Mi hermano con síndrome de Down se ofreció a acompañarme al altar después de que papá falleciera, y entonces mi suegra dijo algo que nunca olvidaré.

Parte 1 — La pregunta para la que no estaba preparado

Mi hermano Nathan me preguntó si podía sustituir a papá en mi boda.

Al principio, no entendí lo que quería decir.

Llevábamos casi una hora sentados juntos a la mesa de la cocina. Nathan apenas había tocado su bebida. Cada pocos minutos, miraba su taza, se frotaba el asa con el pulgar y abría la boca como si quisiera decir algo.

Entonces se detenía.

Esa era la costumbre de Nathan siempre que algo le importaba profundamente.

Comenzaría diciendo: “Entonces…”

Pausa.

Luego otro, “Entonces…”

Y a veces una tercera.

Por lo general, todo lo que quería decir terminaba saliendo a la luz.

Esa misma tarde, finalmente sucedió.

“¿Puedo hacer el trabajo de papá?”

Lo miré parpadeando.

“¿Qué trabajo?”

Nathan frunció el ceño como si yo estuviera complicando innecesariamente algo muy sencillo.

“En la boda”, explicó. “Acompañándote por la parte del medio”.

El pasillo.

Sentí que mi corazón se detenía.

Papá llevaba once meses fuera.

Nathan tenía treinta y un años, seis años mayor que yo, y tenía síndrome de Down. Pero si le hubieras preguntado a cualquier miembro de nuestra familia quién había sido el más cercano a nuestro padre, nadie habría dudado.

Nathan.

Habían sido prácticamente inseparables.

Todos los sábados por la mañana, desaparecían juntos en el garaje. Papá le enseñó a Nathan cómo cambiar el aceite del coche, afilar las tijeras de jardinería, tapar pequeños agujeros en la pared de pladur y preparar sándwiches de queso a la plancha sin quemar el pan.

Nathan, a su vez, le enseñó a papá algo más importante.

Cómo reírse de sí mismo.

Tomaban café en tazas iguales. Repetían los mismos chistes malos hasta que mamá y yo gemíamos. Discutían sobre los resultados de los partidos de fútbol y cinco minutos después ya se les había olvidado de qué discutían.

Cuando papá murió, nuestra casa no se quedó simplemente más silenciosa.

Algo dentro de todos nosotros también se quedó en silencio.

Durante once meses, evité deliberadamente pensar en el momento previo a mi ceremonia de boda.

El momento en que me quedaba de pie al fondo de la iglesia.

Sin papá.

La gente había ofrecido sugerencias.

El tío Patrick podía acompañarme a pasear.

Mamá podía pasearme.

Podría caminar sola.

Todas las posibilidades eran razonables.

Y cualquier posibilidad parecía errónea.

Porque, independientemente de quién estuviera a mi lado, sabía exactamente de quién notaría la ausencia.

Entonces Nathan preguntó si podía hacerlo.

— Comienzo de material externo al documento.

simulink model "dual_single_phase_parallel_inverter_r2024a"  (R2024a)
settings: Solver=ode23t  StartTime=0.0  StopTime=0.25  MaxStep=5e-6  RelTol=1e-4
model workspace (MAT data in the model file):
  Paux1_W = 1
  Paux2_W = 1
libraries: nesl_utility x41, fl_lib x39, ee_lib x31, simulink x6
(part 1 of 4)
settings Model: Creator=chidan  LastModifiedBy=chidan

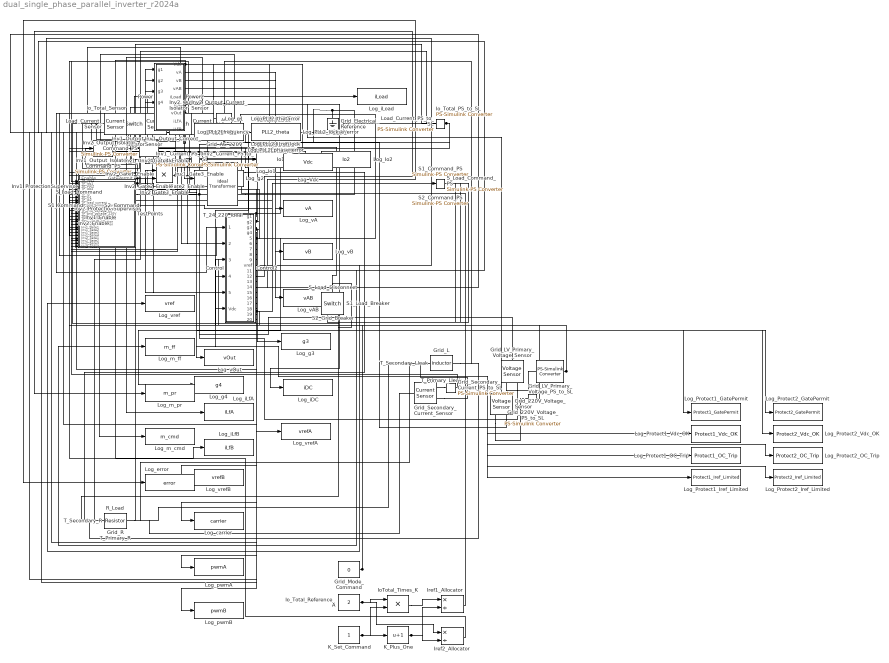
== system dual_single_phase_parallel_inverter_r2024a ==
  Control : Subsystem
  Control2 : Subsystem
  Grid_220V_Voltage_PS_to_SL : nesl_utility/PS-Simulink Converter  PhysicalDomain=network_engine_domain  SubClassName=ps_output  LeftPortType=input  RightPortType=output  PseudoPeriodic=off  Frequencies=[]  VectorFormat=inherit  Unit=inherit  AffineConversion=off
  Grid_220V_Voltage_Sensor : fl_lib/Electrical/Electrical Sensors/Voltage Sensor
  Grid_AC_220V : fl_lib/Electrical/Electrical Sources/AC Voltage Source  amp=220*sqrt(2) V  shift=0 rad  frequency=50 Hz
  Grid_Electrical_Reference : fl_lib/Electrical/Electrical Elements/Electrical Reference
  Grid_L : ee_lib/Passive/Inductor  l=1e-3 H  enable_L_tol=ee.enum.toleranceApplication.none  L_tol=20  tol_distribution=ee.enum.toleranceDistribution.uniform  nSigma=4  r=0.1 Ohm  g=1e-9 1/Ohm  enable_operating_limits=ee.enum.enable.no  operating_limit_action=ee.enum.passive.reportOpLim.warn  max_working_current=1 A  power_rating=1 W  enable_faults=ee.enum.enable.no  fault_action=simscape.enum.assert.action.none  lambdaPercent=50  k_faulted=0.9999  turnsShort=ee.enum.passive.inductor.turnsShortOption.no  openCct=ee.enum.enable.no  groundShort=ee.enum.passive.inductor.groundShortOption.no  groundShortG=0 1/Ohm  tau_fault=1e-3 s  fault_trigger=ee.enum.faults.faultTrigger.temporal  t_fault=1 s  max_permissible_voltage=100 V  n_fail_on_voltage=1  max_permissible_current=1 A  t_fail_on_current=1 s  i_L_specify=off  i_L_priority=High  i_L=0 A  i_L_nominal_specify=off  i_L_nominal_value=1  i_L_nominal_unit=A  faulted_specify=off  faulted_priority=None  faulted=0
  Grid_LV_Primary_Voltage_PS_to_SL : nesl_utility/PS-Simulink Converter  PhysicalDomain=network_engine_domain  SubClassName=ps_output  LeftPortType=input  RightPortType=output  PseudoPeriodic=off  Frequencies=[]  VectorFormat=inherit  Unit=inherit  AffineConversion=off
  Grid_LV_Primary_Voltage_Sensor : fl_lib/Electrical/Electrical Sensors/Voltage Sensor
  Grid_Mode_Command : Constant  Value=0
  Grid_R : ee_lib/Passive/Resistor  R=0.5 Ohm  enable_R_tol=ee.enum.toleranceApplication.none  R_tol=5  tol_distribution=ee.enum.toleranceDistribution.uniform  nSigma=4  enable_operating_limits=ee.enum.enable.no  operating_limit_action=ee.enum.passive.reportOpLim.warn  power_rating=1 W  max_working_voltage=100 V  enable_faults=ee.enum.enable.no  fault_action=simscape.enum.assert.action.none  R_faulted=inf Ohm  fault_trigger=ee.enum.faults.faultTrigger.temporal  t_fault=1 s  max_permissible_current=1 A  t_fail_on_current=1 s  noise_mode=ee.enum.sources.noise.Disabled  Tdevice=25 degC  sample_time=1e-3 s  repeatability=ee.enum.ic.repeatability.notRepeatable  user_seed=0  auto_seed=2348838240  faulted_specify=off  faulted_priority=None  faulted=0  power_derating_T1=70 degC  power_derating_T2=155 degC  operating_temperature_range_vec=[-50, 150] degC  alpha=3.93e-3 1/K  Tmeas=25 degC  thermal_mass=100 J/K  temperature_specify=off  temperature_priority=High  temperature=298.15 K  temperature_nominal_specify=off  temperature_nominal_value=1  temperature_nominal_unit=K
  Grid_Secondary_Current_PS_to_SL : nesl_utility/PS-Simulink Converter  PhysicalDomain=network_engine_domain  SubClassName=ps_output  LeftPortType=input  RightPortType=output  PseudoPeriodic=off  Frequencies=[]  VectorFormat=inherit  Unit=inherit  AffineConversion=off
  Grid_Secondary_Current_Sensor : fl_lib/Electrical/Electrical Sensors/Current Sensor
  Inv1_Current_PS_to_SL : nesl_utility/PS-Simulink Converter  PhysicalDomain=network_engine_domain  SubClassName=ps_output  LeftPortType=input  RightPortType=output  PseudoPeriodic=off  Frequencies=[]  VectorFormat=inherit  Unit=inherit  AffineConversion=off
  Inv1_Enable : Constant
  Inv1_Gate1_Enable : Product
  Inv1_Gate2_Enable : Product
  Inv1_Gate3_Enable : Product
  Inv1_Gate4_Enable : Product
  Inv1_Output_Current_Sensor : fl_lib/Electrical/Electrical Sensors/Current Sensor
  Inv1_Output_Isolator : fl_lib/Electrical/Electrical Elements/Switch  R_closed=0.001 Ohm  G_open=1e-8 1/Ohm  Threshold=0.5  i_specify=off  i_priority=None  i=0 A  i_nominal_specify=off  i_nominal_value=1  i_nominal_unit=A  v_specify=off  v_priority=None  v=0 V  v_nominal_specify=off  v_nominal_value=1  v_nominal_unit=V
  Inv1_Output_Isolator_Command_PS : nesl_utility/Simulink-PS Converter  PhysicalDomain=network_engine_domain  SubClassName=ps_input  LeftPortType=input  RightPortType=output  PseudoPeriodic=off  Frequencies=[]  NoiseDistribution=none  NoiseParameters=[]  Unit=1  AffineConversion=off  FilteringAndDerivatives=provide  SimscapeFilterOrder=1  InputFilterTimeConstant=0.001  UdotUserProvided=0
  Inv1_ProtectionSupervisor : Subsystem
  Inv2_Current_PS_to_SL : nesl_utility/PS-Simulink Converter  PhysicalDomain=network_engine_domain  SubClassName=ps_output  LeftPortType=input  RightPortType=output  PseudoPeriodic=off  Frequencies=[]  VectorFormat=inherit  Unit=inherit  AffineConversion=off
  Inv2_Enable : Constant
  Inv2_Gate1_Enable : Product
  Inv2_Gate2_Enable : Product
  Inv2_Gate3_Enable : Product
  Inv2_Gate4_Enable : Product
  Inv2_Output_Current_Sensor : fl_lib/Electrical/Electrical Sensors/Current Sensor
  Inv2_Output_Isolator : fl_lib/Electrical/Electrical Elements/Switch  R_closed=0.001 Ohm  G_open=1e-8 1/Ohm  Threshold=0.5  i_specify=off  i_priority=None  i=0 A  i_nominal_specify=off  i_nominal_value=1  i_nominal_unit=A  v_specify=off  v_priority=None  v=0 V  v_nominal_specify=off  v_nominal_value=1  v_nominal_unit=V
  Inv2_Output_Isolator_Command_PS : nesl_utility/Simulink-PS Converter  PhysicalDomain=network_engine_domain  SubClassName=ps_input  LeftPortType=input  RightPortType=output  PseudoPeriodic=off  Frequencies=[]  NoiseDistribution=none  NoiseParameters=[]  Unit=1  AffineConversion=off  FilteringAndDerivatives=provide  SimscapeFilterOrder=1  InputFilterTimeConstant=0.001  UdotUserProvided=0
  Inv2_ProtectionSupervisor : Subsystem
  IoTotal_Times_K : Product  Inputs=**
  Io_Total_PS_to_SL : nesl_utility/PS-Simulink Converter  PhysicalDomain=network_engine_domain  SubClassName=ps_output  LeftPortType=input  RightPortType=output  PseudoPeriodic=off  Frequencies=[]  VectorFormat=inherit  Unit=inherit  AffineConversion=off
  Io_Total_Reference_A : Constant  Value=2
  Io_Total_Sensor : fl_lib/Electrical/Electrical Sensors/Current Sensor
  Iref1_Allocator : Product  Inputs=*/
  Iref2_Allocator : Product  Inputs=*/
  K_Plus_One : Bias  Bias=1  SaturateOnIntegerOverflow=off
  K_Set_Command : Constant
  Load_Current_PS_to_SL : nesl_utility/PS-Simulink Converter  PhysicalDomain=network_engine_domain  SubClassName=ps_output  LeftPortType=input  RightPortType=output  PseudoPeriodic=off  Frequencies=[]  VectorFormat=inherit  Unit=inherit  AffineConversion=off
  Load_Current_Sensor : fl_lib/Electrical/Electrical Sensors/Current Sensor
  Log_Inv1_Gate1 : ToWorkspace  VariableName=Inv1_gate1  SaveFormat=Timeseries  SampleTime=-1
  Log_Inv1_Gate2 : ToWorkspace  VariableName=Inv1_gate2  SaveFormat=Timeseries  SampleTime=-1
  Log_Inv1_Gate3 : ToWorkspace  VariableName=Inv1_gate3  SaveFormat=Timeseries  SampleTime=-1
  Log_Inv1_Gate4 : ToWorkspace  VariableName=Inv1_gate4  SaveFormat=Timeseries  SampleTime=-1
  Log_Inv2_Ctrl_g1 : ToWorkspace  VariableName=Inv2_ctrl_g1  SaveFormat=Timeseries  SampleTime=-1
  Log_Inv2_Ctrl_g2 : ToWorkspace  VariableName=Inv2_ctrl_g2  SaveFormat=Timeseries  SampleTime=-1
  Log_Inv2_Ctrl_g3 : ToWorkspace  VariableName=Inv2_ctrl_g3  SaveFormat=Timeseries  SampleTime=-1
  Log_Inv2_Ctrl_g4 : ToWorkspace  VariableName=Inv2_ctrl_g4  SaveFormat=Timeseries  SampleTime=-1
  Log_Inv2_Gate1 : ToWorkspace  VariableName=Inv2_gate1  SaveFormat=Timeseries  SampleTime=-1
  Log_Inv2_Gate2 : ToWorkspace  VariableName=Inv2_gate2  SaveFormat=Timeseries  SampleTime=-1
  Log_Inv2_Gate3 : ToWorkspace  VariableName=Inv2_gate3  SaveFormat=Timeseries  SampleTime=-1
  Log_Inv2_Gate4 : ToWorkspace  VariableName=Inv2_gate4  SaveFormat=Timeseries  SampleTime=-1
  Log_Inv2_Vdc : ToWorkspace  VariableName=Inv2_Vdc  SaveFormat=Timeseries  SampleTime=-1
  Log_Inv2_carrier : ToWorkspace  VariableName=Inv2_carrier  SaveFormat=Timeseries  SampleTime=-1
  Log_Inv2_error : ToWorkspace  VariableName=Inv2_error  SaveFormat=Timeseries  SampleTime=-1
  Log_Inv2_iDC : ToWorkspace  VariableName=Inv2_iDC  SaveFormat=Timeseries  SampleTime=-1
  Log_Inv2_iLfA : ToWorkspace  VariableName=Inv2_iLfA  SaveFormat=Timeseries  SampleTime=-1
  Log_Inv2_iLfB : ToWorkspace  VariableName=Inv2_iLfB  SaveFormat=Timeseries  SampleTime=-1
  Log_Inv2_iLoad : ToWorkspace  VariableName=Inv2_iLoad  SaveFormat=Timeseries  SampleTime=-1
  Log_Inv2_m_cmd : ToWorkspace  VariableName=Inv2_m_cmd  SaveFormat=Timeseries  SampleTime=-1
  Log_Inv2_m_ff : ToWorkspace  VariableName=Inv2_m_ff  SaveFormat=Timeseries  SampleTime=-1
  Log_Inv2_m_pr : ToWorkspace  VariableName=Inv2_m_pr  SaveFormat=Timeseries  SampleTime=-1
  Log_Inv2_pwmA : ToWorkspace  VariableName=Inv2_pwmA  SaveFormat=Timeseries  SampleTime=-1
  Log_Inv2_pwmB : ToWorkspace  VariableName=Inv2_pwmB  SaveFormat=Timeseries  SampleTime=-1
  Log_Inv2_vA : ToWorkspace  VariableName=Inv2_vA  SaveFormat=Timeseries  SampleTime=-1
  Log_Inv2_vAB : ToWorkspace  VariableName=Inv2_vAB  SaveFormat=Timeseries  SampleTime=-1
  Log_Inv2_vB : ToWorkspace  VariableName=Inv2_vB  SaveFormat=Timeseries  SampleTime=-1
  Log_Inv2_vOut : ToWorkspace  VariableName=Inv2_vOut  SaveFormat=Timeseries  SampleTime=-1
  Log_Inv2_vref : ToWorkspace  VariableName=Inv2_vref  SaveFormat=Timeseries  SampleTime=-1
  Log_Inv2_vrefA : ToWorkspace  VariableName=Inv2_vrefA  SaveFormat=Timeseries  SampleTime=-1
  Log_Inv2_vrefB : ToWorkspace  VariableName=Inv2_vrefB  SaveFormat=Timeseries  SampleTime=-1
  Log_Io1 : ToWorkspace  VariableName=Io1  SaveFormat=Timeseries  SampleTime=-1
  Log_Io2 : ToWorkspace  VariableName=Io2  SaveFormat=Timeseries  SampleTime=-1
  Log_Io_Total : ToWorkspace  VariableName=Io_total  SaveFormat=Timeseries  SampleTime=-1
  Log_Load_Current : ToWorkspace  VariableName=I_load  SaveFormat=Timeseries  SampleTime=-1
  Log_PLL1_frequency : ToWorkspace  VariableName=PLL1_frequency_Hz  SaveFormat=Timeseries  SampleTime=-1
  Log_PLL1_i_error : ToWorkspace  VariableName=PLL1_i_error_A  SaveFormat=Timeseries  SampleTime=-1
  Log_PLL1_i_ref : ToWorkspace  VariableName=PLL1_i_ref_A  SaveFormat=Timeseries  SampleTime=-1
  Log_PLL1_lock : ToWorkspace  VariableName=PLL1_lock  SaveFormat=Timeseries  SampleTime=-1
  Log_PLL1_phase_error : ToWorkspace  VariableName=PLL1_phase_error  SaveFormat=Timeseries  SampleTime=-1
  Log_PLL1_theta : ToWorkspace  VariableName=PLL1_theta  SaveFormat=Timeseries  SampleTime=-1
  Log_PLL2_frequency : ToWorkspace  VariableName=PLL2_frequency_Hz  SaveFormat=Timeseries  SampleTime=-1
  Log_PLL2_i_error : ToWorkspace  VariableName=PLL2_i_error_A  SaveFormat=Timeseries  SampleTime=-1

Me tapé la boca con la mano.

Él esperó.

“¿Sarah?”

Intenté responder, pero tenía la garganta completamente cerrada.

Así que asentí con la cabeza.

Levantó las cejas.

“¿Sí?”

“Sí, Nathan.”

Su silla resonó ruidosamente contra el suelo de la cocina cuando se puso de pie de un salto.

“¿Quieres decir que sí?”

Me reí entre las lágrimas que ya corrían por mis mejillas.

“Sí. Quiero decir, sí.”

Me rodeó con sus brazos tan fuerte que apenas podía respirar.

—No caminaré demasiado rápido —prometió.

Enterré mi rostro contra su hombro.

“Eso sería útil.”

Entonces, como si hubiera estado esperando para revelar una última información, Nathan dijo: “Practicaba con papá”.

Me aparté.

“¿Qué?”

“Para tu boda.”

“¿Practicaste con papá cómo acompañarme al altar?”

Nathan se encogió de hombros.

“Hace mucho tiempo.”

Por lo visto, años atrás, papá había bromeado diciendo que cuando yo finalmente me casara, Nathan tendría que quedarse cerca y asegurarse de que papá no tropezara con sus propios zapatos.

De hecho, habían practicado.

Los dos.

Sin decírmelo nunca.

Comencé a llorar con más fuerza.

La expresión de Nathan se tornó inmediatamente preocupada.

¿Dije algo malo?

“No.”

“¿Entonces por qué lloras?”

Me sequé las mejillas y me reí.

“Por lo visto, esto es lo que hacen las novias.”

Reflexionó sobre esta explicación por un momento.

Entonces asintió.

“Bueno.”

Y así, la pregunta que me había dolido demasiado como para responderla durante casi un año quedó resuelta.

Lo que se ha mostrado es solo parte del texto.